Второй источник беспокойства: расстрел герцога Энгиенского, коронация Наполеона как императора.
Лев Толстой очень точно описывает, какое тяжелое впечатление оказывает на русское общество убийство герцога Энгиенского. Все дворянство понимает — посягнули на человека их круга! И уже не санкюлоты, не якобинцы, а почти император Наполеон. Не Робеспьер, от него другого и не ожидали, а «Робеспьер на коне!» Уже не в романе, а в реальной жизни Александр I объявил по герцогу реальный траур при дворе. По Петербургу ходила брошюра «Историческое описание Его Светлости принца герцога Енгиенскаго, расстрелянного по повелению Буонапарте в Винценском лесу в ночь с 21 на 22 марта 1804 года»[88]
.Но все понимают и то, что новый режим продемонстрировал: для достижения своих целей он готов нарушать любую законность! Этой готовностью пугали якобинцы, а получается — Наполеон не лучше.
Впрочем, тут французам есть что сказать... посол Франции Лористон задает императору, возмущенному беззаконным расстрелом, вопрос: «Что, если бы в дни, когда Британия готовила убийство Вашего отца, Вы бы узнали, что заговорщики находятся за границей, но в пределах досягаемости. Неужели Вы бы не приложили бы все усилия, чтобы их схватить?». Удар ниже пояса? Да. Но Александр сам подставился.
С декабря 1804 года дипломатические отношения России и Франции были прерваны. Накануне коронации Наполеона Александр демонстративно разрывает с Францией дипломатические отношения и отзывает поверенного в делах Петра Убри — чтобы он не присутствовал при коронации.
А цели у Франции какие? Государственный совет приходит к весьма резонному выводу: стремительное возвышение Наполеона имеет главным образом соображения внешней политики. То есть Наполеон Бонапарт, став императором, намерен раздвигать границы своей империи вплоть до Индии на юг и до Урала на восток.
Это подталкивает к созданию третьей антифранцузской коалиции под предводительством русского царя Александра I. Центральное звено договоров этой коалиции: «Англо-русская конвенция о мерах к установлению мира в Европе» от 11 апреля 1805 г.
Тогда же опять начинают финансово поддерживать французских эмигрантов.
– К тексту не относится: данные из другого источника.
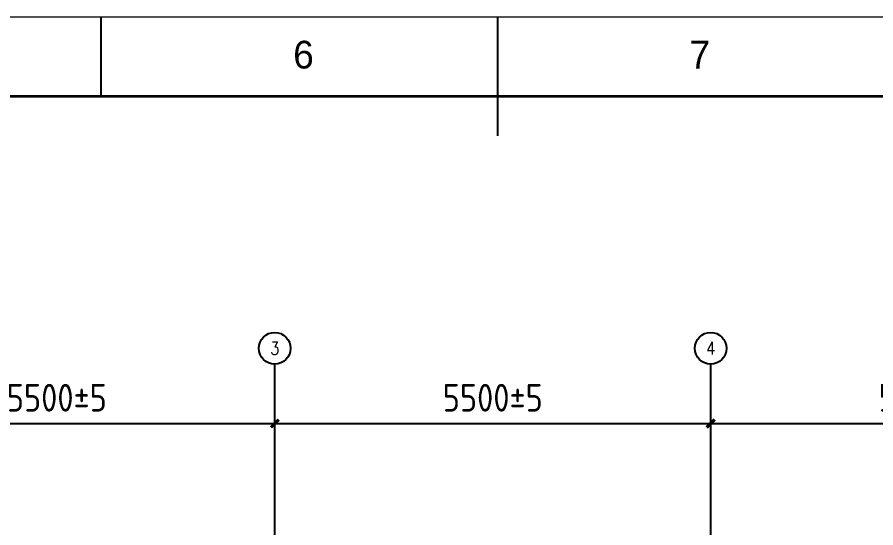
# Model space of a CAD drawing. Extents: x 1129386 to 1341523, y 309636 to 351636.
# Drawn here: x 1306515 to 1317348, y 345190 to 351636 of the extents above; entities that cross this region are included whole.
import ezdxf
from ezdxf.enums import TextEntityAlignment as Align

# ---------------------------------------------------------------- set-up
doc = ezdxf.new("R2010")
doc.units = 0
doc.header["$LTSCALE"] = 1000
doc.header["$MEASUREMENT"] = 0
doc.linetypes.add('SLD-实线', pattern=[0, 0])
for name, color, linetype in [('AXIS', 3, 'Continuous'), ('AXIS_TEXT', 7, 'Continuous'), ('DOTE', 1, 'Continuous'), ('细线层', 7, 'SLD-实线')]:
    doc.layers.add(name, color=color, linetype=linetype)
doc.layers.add('实线层', color=7, linetype='SLD-实线', lineweight=35)
doc.styles.add('_TCH_AXIS', font='COMPLEX', dxfattribs={"bigfont": 'GBCBIG'})
doc.styles.add('COMPLEX', font='COMPLEX')
doc.styles.add('SLDTEXTSTYLE1', font='')
doc.styles.get("Standard").update_dxf_attribs({"font": 'gbenor.shx', "bigfont": 'gbcbig.shx'})
doc.styles.get('SLDTEXTSTYLE1').set_extended_font_data('汉仪长仿宋体')
doc.dimstyles.new('STANDARD$0', dxfattribs={"dimscale": 100, "dimtxt": 3.5, "dimasz": 1, "dimexe": 2.5, "dimexo": 3, "dimgap": 1.5, "dimtad": 1, "dimdec": 0, "dimzin": 0, "dimdsep": 46, "dimtxsty": 'Standard', "dimblk": 'ARCHTICK', "dimcen": 0.09, "dimadec": 0, "dimazin": 0, "dimtfac": 1, "dimtdec": 0, "dimtix": 1, "dimtmove": 2, "dimatfit": 3, "dimldrblk": 'ARCHTICK', "dimfxl": 1, "dimtolj": 1, "dimtzin": 0, "dimarcsym": 0})

# ---------------------------------------------------------------- blocks, each defined once
blk = doc.blocks.new('_ArchTick')
at = {"color": 0, "linetype": 'ByBlock', "const_width": 0.4}
blk.add_lwpolyline([(-0.5, -0.5), (0.5, 0.5)], dxfattribs=at)
blk = doc.blocks.new('*D91')
at = {"color": 0, "lineweight": -2}
for p, q in [((1304265, 345557), (1304265, 346757)), ((1309765, 345557), (1309765, 346757))]:
    blk.add_line(p, q, dxfattribs=at)
at = {"color": 0, "linetype": 'ByBlock', "lineweight": -2}
blk.add_line((1304265, 346507), (1309765, 346507), dxfattribs=at)
at = {"layer": 'Defpoints', "color": 0}
for p in [(1309765, 346507), (1304265, 345257), (1309765, 345257)]:
    blk.add_point(p, dxfattribs=at)
at = {"color": 0, "lineweight": -2, "xscale": 100, "yscale": 100, "zscale": 100, "rotation": 180}
blk.add_blockref('_ArchTick', (1304265, 346507), dxfattribs=at)
at = {"color": 0, "lineweight": -2, "xscale": 100, "yscale": 100, "zscale": 100}
blk.add_blockref('_ArchTick', (1309765, 346507), dxfattribs=at)
at = {"color": 0, "insert": (1307015, 346832), "char_height": 350, "attachment_point": 5}
blk.add_mtext('\\A1;5500%%P5', dxfattribs=at)
blk = doc.blocks.new('*D92')
at = {"color": 0, "lineweight": -2}
for p, q in [((1309765, 345557), (1309765, 346757)), ((1315265, 345557), (1315265, 346757))]:
    blk.add_line(p, q, dxfattribs=at)
at = {"color": 0, "linetype": 'ByBlock', "lineweight": -2}
blk.add_line((1309765, 346507), (1315265, 346507), dxfattribs=at)
at = {"layer": 'Defpoints', "color": 0}
for p in [(1315265, 346507), (1309765, 345257), (1315265, 345257)]:
    blk.add_point(p, dxfattribs=at)
at = {"color": 0, "lineweight": -2, "xscale": 100, "yscale": 100, "zscale": 100, "rotation": 180}
blk.add_blockref('_ArchTick', (1309765, 346507), dxfattribs=at)
at = {"color": 0, "lineweight": -2, "xscale": 100, "yscale": 100, "zscale": 100}
blk.add_blockref('_ArchTick', (1315265, 346507), dxfattribs=at)
at = {"color": 0, "insert": (1312515, 346832), "char_height": 350, "attachment_point": 5}
blk.add_mtext('\\A1;5500%%P5', dxfattribs=at)
blk = doc.blocks.new('*D93')
at = {"color": 0, "lineweight": -2}
for p, q in [((1315265, 345557), (1315265, 346757)), ((1320765, 345557), (1320765, 346757))]:
    blk.add_line(p, q, dxfattribs=at)
at = {"color": 0, "linetype": 'ByBlock', "lineweight": -2}
blk.add_line((1315265, 346507), (1320765, 346507), dxfattribs=at)
at = {"layer": 'Defpoints', "color": 0}
for p in [(1320765, 346507), (1315265, 345257), (1320765, 345257)]:
    blk.add_point(p, dxfattribs=at)
at = {"color": 0, "lineweight": -2, "xscale": 100, "yscale": 100, "zscale": 100, "rotation": 180}
blk.add_blockref('_ArchTick', (1315265, 346507), dxfattribs=at)
at = {"color": 0, "lineweight": -2, "xscale": 100, "yscale": 100, "zscale": 100}
blk.add_blockref('_ArchTick', (1320765, 346507), dxfattribs=at)
at = {"color": 0, "insert": (1318015, 346832), "char_height": 350, "attachment_point": 5}
blk.add_mtext('\\A1;5500%%P5', dxfattribs=at)
blk = doc.blocks.new('_AXISO')
blk.add_circle((0, 0), 0.5)
at = {"layer": 'AXIS_TEXT', "style": 'COMPLEX', "width": 1.041667}
blk.add_attdef('A', text='', height=0.56, dxfattribs=at).set_placement((-0.25, -0.28), (0.25, -0.28), align=Align.FIT)

msp = doc.modelspace()

# ---------------------------------------------------------------- linework, layer by layer
at = {"color": 7, "linetype": 'SLD-实线', "lineweight": 18}
msp.add_line((1341523.1, 351635.9), (1282122.6, 351635.9), dxfattribs=at)
at = {"layer": 'AXIS'}
for p, q in [((1309764.8, 345256.9), (1309764.8, 347256.9)), ((1315264.8, 345256.9), (1315264.8, 347256.9))]:
    msp.add_line(p, q, dxfattribs=at)
at = {"layer": 'DOTE'}
for p, q in [((1309764.8, 337901.9), (1309764.8, 345256.9)), ((1315264.8, 337901.9), (1315264.8, 345256.9))]:
    msp.add_line(p, q, dxfattribs=at)
at = {"layer": '实线层', "lineweight": 25}
msp.add_line((1312572.8, 351635.9), (1312572.8, 350135.9), dxfattribs=at)
at = {"layer": '实线层', "color": 7, "lineweight": 35}
msp.add_line((1340523.1, 350635.9), (1284622.6, 350635.9), dxfattribs=at)
at = {"layer": '细线层'}
msp.add_line((1307572.6, 351635.9), (1307572.6, 350635.9), dxfattribs=at)

# ---------------------------------------------------------------- block references
at = {"layer": 'AXIS'}
ref = msp.add_blockref('_AXISO', (1309764.8, 347456.9), dxfattribs=dict(at, xscale=400, yscale=400, zscale=400))
ref.add_attrib('A', '3', dxfattribs={"layer": 'AXIS_TEXT', "height": 164.4, "style": '_TCH_AXIS', "width": 0.995025}).set_placement((1309710, 347374.7), (1309819.6, 347374.7), align=Align.FIT)
ref = msp.add_blockref('_AXISO', (1315264.8, 347456.9), dxfattribs=dict(at, xscale=400, yscale=400, zscale=400))
ref.add_attrib('A', '4', dxfattribs={"layer": 'AXIS_TEXT', "height": 160.2, "style": '_TCH_AXIS', "width": 0.93985}).set_placement((1315207.5, 347376.7), (1315322, 347376.7), align=Align.FIT)

# ---------------------------------------------------------------- texts
at = {"color": 7, "linetype": 'SLD-实线', "lineweight": 18, "char_height": 350, "attachment_point": 2, "style": 'SLDTEXTSTYLE1'}
for s, insert in [('6', (1310127.2, 351337.9)), ('7', (1315127.2, 351337.9))]:
    msp.add_mtext(s, dxfattribs=dict(at, insert=insert))

# ---------------------------------------------------------------- dimensions: what is measured, and where the dimension line sits
at = {"color": 3}
for p1, p2, picture, middle in [((1304264.8, 345256.9), (1309764.8, 345256.9), '*D91', (1307014.8, 346831.9)), ((1309764.8, 345256.9), (1315264.8, 345256.9), '*D92', (1312514.8, 346831.9)), ((1315264.8, 345256.9), (1320764.8, 345256.9), '*D93', (1318014.8, 346831.9))]:
    dim = msp.add_aligned_dim(p1=p1, p2=p2, distance=1250, text='5500%%P5', dimstyle='STANDARD$0', override={"dimblk": 'ArchTick', "dimfxl": 0}, dxfattribs=at)
    dim.commit()
    dim.dimension.update_dxf_attribs({"geometry": picture, "text_midpoint": middle})

doc.saveas('drawing.dxf')

Много позже в 1828 г. Николай I попытается получить должок с Карла X Бурбона, правившего в 1824-1830 гг. Должок составляет 19 284 497 франков. Не получил.
«Когда говорят пушки, музы молчат» — говаривал Наполеон.
Когда говорят пушки, музы тоже не всегда молчат. Но они говорят только в том случае, если они помогают пушкам или хотя бы не мешают им стрелять. Мог ли Александр I Павлович проводить раскрепощение крестьян, ставя Россию на грань новой гражданской войны?
Глава 4.
ПОЧЕМУ ОТЕЧЕСТВЕННАЯ ВОЙНА НЕ НАЧАЛАСЬ В 1807 ГОДУ?
Дерево человечества забывает о тихом садовнике, который пестовал его в стужу, поил в засуху и оберегал от вредителей; но оно верно хранит имена, безжалостно врезанные в его кору острой сталью, и передает их позднейшим поколениям, тем лишь умножая их славу.
Гейне Г.
После заключения ряда трактатов между Австрией, Пруссией, Россией и Англией была оформлена новая антифранцузская коалиция. 9 сентября 1805 года Александр и Кутузов выехали в действующую армию.
Разумеется, и тут не обошлось без романтической истории, которую до сих пор вспоминают где надо и где не надо. Связана она с прусской королевой Луизой Августой Вильгельминой Амалией (1776-1810), супругой Фридриха Вильгельма III, мамой прусского короля Фридриха Вильгельма IV, первого германского императора Вильгельма I и жены Николая I Шарлотты (Александры Федоровны).
Королева была очень красива. Некрасивый и угрюмый Фридрих-Вильгельм проигрывал в сравнении с Луизой Менленбургской. Луиза была красива и обаятельна. Пожилой Гете называл ее «небесным видением».
В июне 1802 года Александр заехал к своему двоюродному брату, прусскому королю, из Риги в Мемель. Помимо смотров, парадов и приемов королевская чета много времени проводила в домашнем кругу, в компании Александра. Александр много общался с Луизой, когда Фридрих-Вильгельм уходил спать, и, конечно же, о них много чего говорили.
По одной версии, Александр уже тогда влюбился по уши. Обер-гофмейстерина Луизы, графиня Фосс, записала в своем дневнике об Александре: «Бедный, он совсем увлечен и очарован королевой!»
По другой, как выразился хорошо его знавший Чарторыйский, началось «платоническое кокетничанье».
Они прощались чрезвычайно трогательно, Луиза была в слезах. Судя по всему, если кто-то влюбился, то именно она.